The deception unravels amid a violent gang shootout, and Biju discovers his brother's death. In the ensuing chaos, Raju eliminates Biju and dismantles his gang, successfully rescuing Akella. Yet instead of returning him immediately, Raju leverages the situation to confront the Chief Minister. He demands justice for his former teacher, who was falsely accused and humiliated by an MLA (Keshava's own uncle) or else the truth about the kidnapping will be exposed.

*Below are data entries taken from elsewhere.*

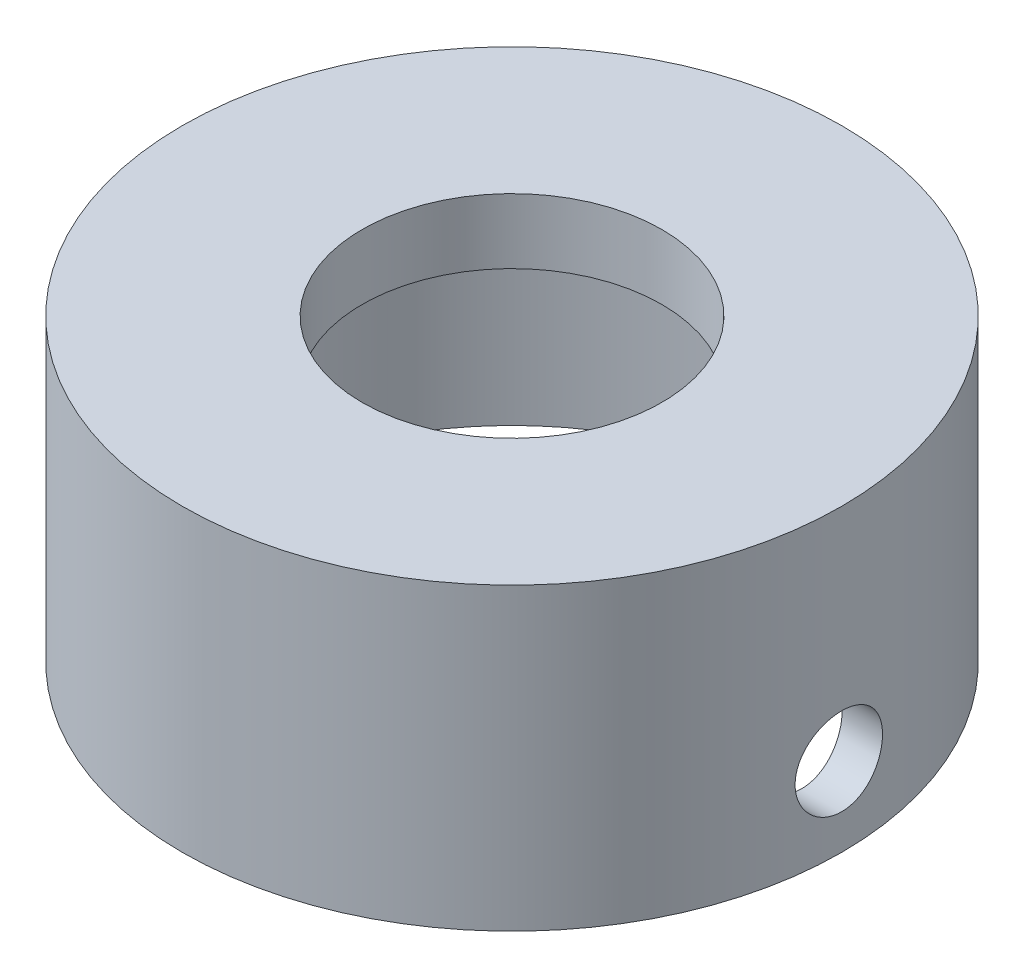
from build123d import *

# Parameters (mm, degrees)
SKETCH1_R               = 20.955
BOSS_EXTRUDE1_DEPTH     = 19.05
SKETCH2_R               = 18.415
CUT_EXTRUDE1_DEPTH      = 13.3985
SKETCH3_R               = 9.525
CUT_EXTRUDE2_DEPTH      = 36.229626027
SKETCH4_R               = 15.875
CUT_EXTRUDE3_DEPTH      = 1.524
CUT_EXTRUDE4_DEPTH      = 36.229626027
CUT_EXTRUDE4_DEPTH_BACK = 36.229626027
SKETCH5_R               = 2.778125


with BuildPart() as part:
    # Sketch1 → Boss-Extrude1 (new body)
    with BuildSketch(Plane(origin=(0, 0, 0), x_dir=(1, 0, 0), z_dir=(0, 1, 0))):
        Circle(SKETCH1_R)
    extrude(amount=-BOSS_EXTRUDE1_DEPTH)

    # Sketch2 → Cut-Extrude1 (cut)
    with BuildSketch(Plane.XZ.offset(19.05)):
        Circle(SKETCH2_R)
    extrude(amount=-CUT_EXTRUDE1_DEPTH, mode=Mode.SUBTRACT)

    # Sketch3 → Cut-Extrude2 (cut, through all)
    with BuildSketch(Plane(origin=(0, 0, 0), x_dir=(1, 0, 0), z_dir=(0, 1, 0))):
        Circle(SKETCH3_R)
    extrude(amount=-CUT_EXTRUDE2_DEPTH, mode=Mode.SUBTRACT)

    # Sketch4 → Cut-Extrude3 (cut)
    with BuildSketch(Plane.XZ.offset(5.6515)):
        Circle(SKETCH4_R)
    extrude(amount=-CUT_EXTRUDE3_DEPTH, mode=Mode.SUBTRACT)

    # Sketch5 → Cut-Extrude4 (cut, two sides: drawn at the far end of the back side and taken through both)
    with BuildSketch(Plane(origin=(0, 0, 0), x_dir=(0, 0, -1), z_dir=(1, 0, 0)).offset(-CUT_EXTRUDE4_DEPTH_BACK)):
        with Locations((0, -14.0335)):
            Circle(SKETCH5_R)
    extrude(amount=CUT_EXTRUDE4_DEPTH + CUT_EXTRUDE4_DEPTH_BACK, mode=Mode.SUBTRACT)


solid = part.part
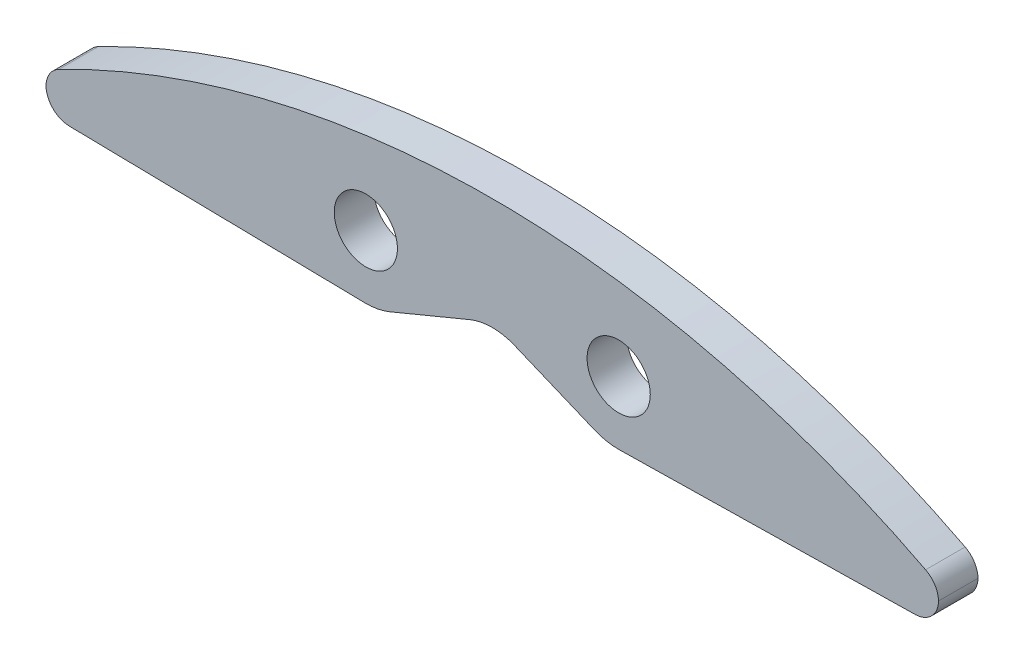
from build123d import *

# Parameters (mm, degrees)
SKETCH1_R           = 4
BOSS_EXTRUDE2_DEPTH = 5
FILLET3_R           = 3


with BuildPart() as part:
    # Sketch1 → Boss-Extrude2 (new body)
    with BuildSketch(Plane.XY):
        with BuildLine():
            ThreePointArc((-2.823470485, 6.805503827), (0, 7.367962264), (2.823470485, 6.805503827))
            Line((2.823470485, 6.805503827), (12.934326877, 2.610707185))
            ThreePointArc((12.934326877, 2.610707185), (14.507189087, 2.140514293), (16.142912091, 2.001276593))
            Line((16.142912091, 2.001276593), (56.478756137, 2.721951573))
            Line((56.478756137, 2.721951573), (56.478756137, 7.377996322))
            ThreePointArc((56.478756137, 7.377996322), (0, 21.5), (-56.478756137, 7.377996322))
            Line((-56.478756137, 7.377996322), (-56.478756137, 2.721951573))
            Line((-56.478756137, 2.721951573), (-16.142912091, 2.001276593))
            ThreePointArc((-16.142912091, 2.001276593), (-14.507189087, 2.140514293), (-12.934326877, 2.610707185))
            Line((-12.934326877, 2.610707185), (-2.823470485, 6.805503827))
        make_face()
        with Locations((-16, 10)):
            Circle(SKETCH1_R, mode=Mode.SUBTRACT)
        with Locations((16, 10)):
            Circle(SKETCH1_R, mode=Mode.SUBTRACT)
    extrude(amount=BOSS_EXTRUDE2_DEPTH)

    # Fillet3
    # the kernel refuses this fillet: 3 mm, written as the material it takes off along each edge
    with BuildSketch(Plane(origin=(56.478756137, 2.721951573, -7.367195529), x_dir=(-0.9998404258161971, -0.017864011410817362, 0), z_dir=(0, 0, 1)), Plane(origin=(-56.478756137, 2.721951573, -7.367195529), x_dir=(0, 1, 0), z_dir=(0, 0, 1))) as fillet3_piece_1:
        with BuildLine():
            CenterArc((FILLET3_R * 0.982292737151, -FILLET3_R), FILLET3_R, 90, 88.976413094)
            Line((-FILLET3_R * 0.0175476886652, -FILLET3_R * 0.982135988589), (0, 0))
            Line((0, 0), (FILLET3_R * 0.982292737151, 0))
        make_face()
    extrude(amount=19.734391057, mode=Mode.SUBTRACT)
    with BuildSketch(Plane(origin=(56.478756137, 7.377996322, -4.596333569), x_dir=(0, -1, 0), z_dir=(0, 0, 1))) as fillet3_piece_2:
        with BuildLine():
            CenterArc((1.8154063, -3), FILLET3_R, 90, 62.800936738)
            ThreePointArc((-0.852865239, -1.628749843), (-0.429551947, -0.812741542), (0, 0))
            Line((0, 0), (1.8154063, 0))
        make_face()
    extrude(amount=14.192667139, mode=Mode.SUBTRACT)
    with BuildSketch(Plane(origin=(-56.478756137, 7.377996322, -4.596333569), x_dir=(0, -1, 0), z_dir=(0, 0, 1))) as fillet3_piece_3:
        with BuildLine():
            CenterArc((1.8154063, 3), FILLET3_R, 207.199063262, 62.800936738)
            ThreePointArc((-0.852865239, 1.628749843), (-0.429551947, 0.812741542), (0, 0))
            Line((0, 0), (1.8154063, 0))
        make_face()
    extrude(amount=14.192667139, mode=Mode.SUBTRACT)


solid = part.part

The teacher is publicly cleared, Akella returns safely to the United States. Raju resumes his family life, only to discover that Meenakshi has been transferred to his village as their new neighbor, reigniting unresolved tensions and setting the stage for further turmoil.

==Production==
Anil Ravipudi's third collaboration with Venkatesh after F2: Fun and Frustration (2019) and F3: Fun and Frustration (2022) was announced in July 2024. The film was initially tentatively titled SVC 58 or VenkyAnil3. The film crew held a pooja ceremony in Hyderabad on July 3. The film was produced by Sri Venkateswara Creations who also produced their earlier collaborations. Meenakshi Chaudhary and Aishwarya Rajesh were cast as the female leads. The title was announced as Sankrantiki Vasthunam in November 2024.

Principal photography began on 11 July 2024. Filming took place in Rajahmundry, Hyderabad, Kasaragod, Koraput, Dehradun, Mussoorie and Rishikesh. The climax of the film was shot in Kadapa.

==Music==

The soundtrack album was released on 14 January 2025 after the film's release.

==Release==
===Theatrical===
Sankranthiki Vasthunam was released in theatres on 14 January 2025, coinciding with Sankranthi.

===Distribution===
Sri Venkateswara Creations is independently responsible for the distribution of this film in Andhra Pradesh and Telangana. The overseas rights were acquired by Phars Film Co, while Shloka Entertainments bought the distribution rights for North America. The United Kingdom theatrical rights were sold to Dreamz Entertainment. The distribution rights in Australia and New Zealand were acquired by Hamsini Entertainment and Tolly Movies International.

===Home media===
The satellite and digital rights of the film were acquired by Zee Telugu and ZEE5, respectively. ZEE5 acquired the film's digital streaming rights for ₹30 crore. The film was telecast on Zee Telugu before its OTT release on 1 March 2025. It began streaming on ZEE5 from 1 March 2025.

==Reception==
Avad Mohammad of OTTplay gave 3.5/5 stars and wrote "Sankranthiki Vasthunnam is a perfect festival watch packed with loads of entertainment. Venkatesh leads from the front, delivering a hilarious performance. While the predictable storyline may not appeal to everyone, the family audience is sure to enjoy the film." T. Maruthi Acharya of India Today gave 3/5 stars and wrote "With its mix of engaging comedy and uneven storytelling, Sankranthiki Vasthunnam is a decent outing for families seeking light-hearted entertainment." B.H. Harish of Cinema Express gave 3/5 stars and wrote "But then again, it depends on you if you want to judge this film from that lens. For everyone else who merely wants to have a few hearty laughs, Sankranthiki Vasthunam offers them in plenty." Sashidhar Adivi of Times Now gave 2.5/5 stars and wrote "Sankranthiki Vasthunnam will often make you laugh, especially if you are a fan of out-and-out slapstick comedies. A focused script, tighter editing and impressive cinematography would have elevated the film a few notches. The muddled-up storyline and how the events pan out leave much to be desired."

==Accolades==

| Award | Date of ceremony | Category | Recipient(s) | Result | Ref. |
| Indian National Cine Academy Awards | 2026 | Best Director - Telugu | Anil Ravipudi | Won |  |
| Best Actor in a Comedy Role | Revanth (Bulli Raju) | Won |  |
| Telangana Gaddar Film Awards | 2026 | Best Entertainment Film | Dil Raju, Sirish, Anil Ravipudi | Won |  |
| Best Screenplay Writer | Anil Ravipudi | Won |  |

==Sequel==
After the success of Sankranthiki Vasthunam, Ravipudi planned a sequel named Malli Sankranthiki Vasthunam. Later, at a celebration party following the film's success, Venkatesh announced that a sequel would be release in future.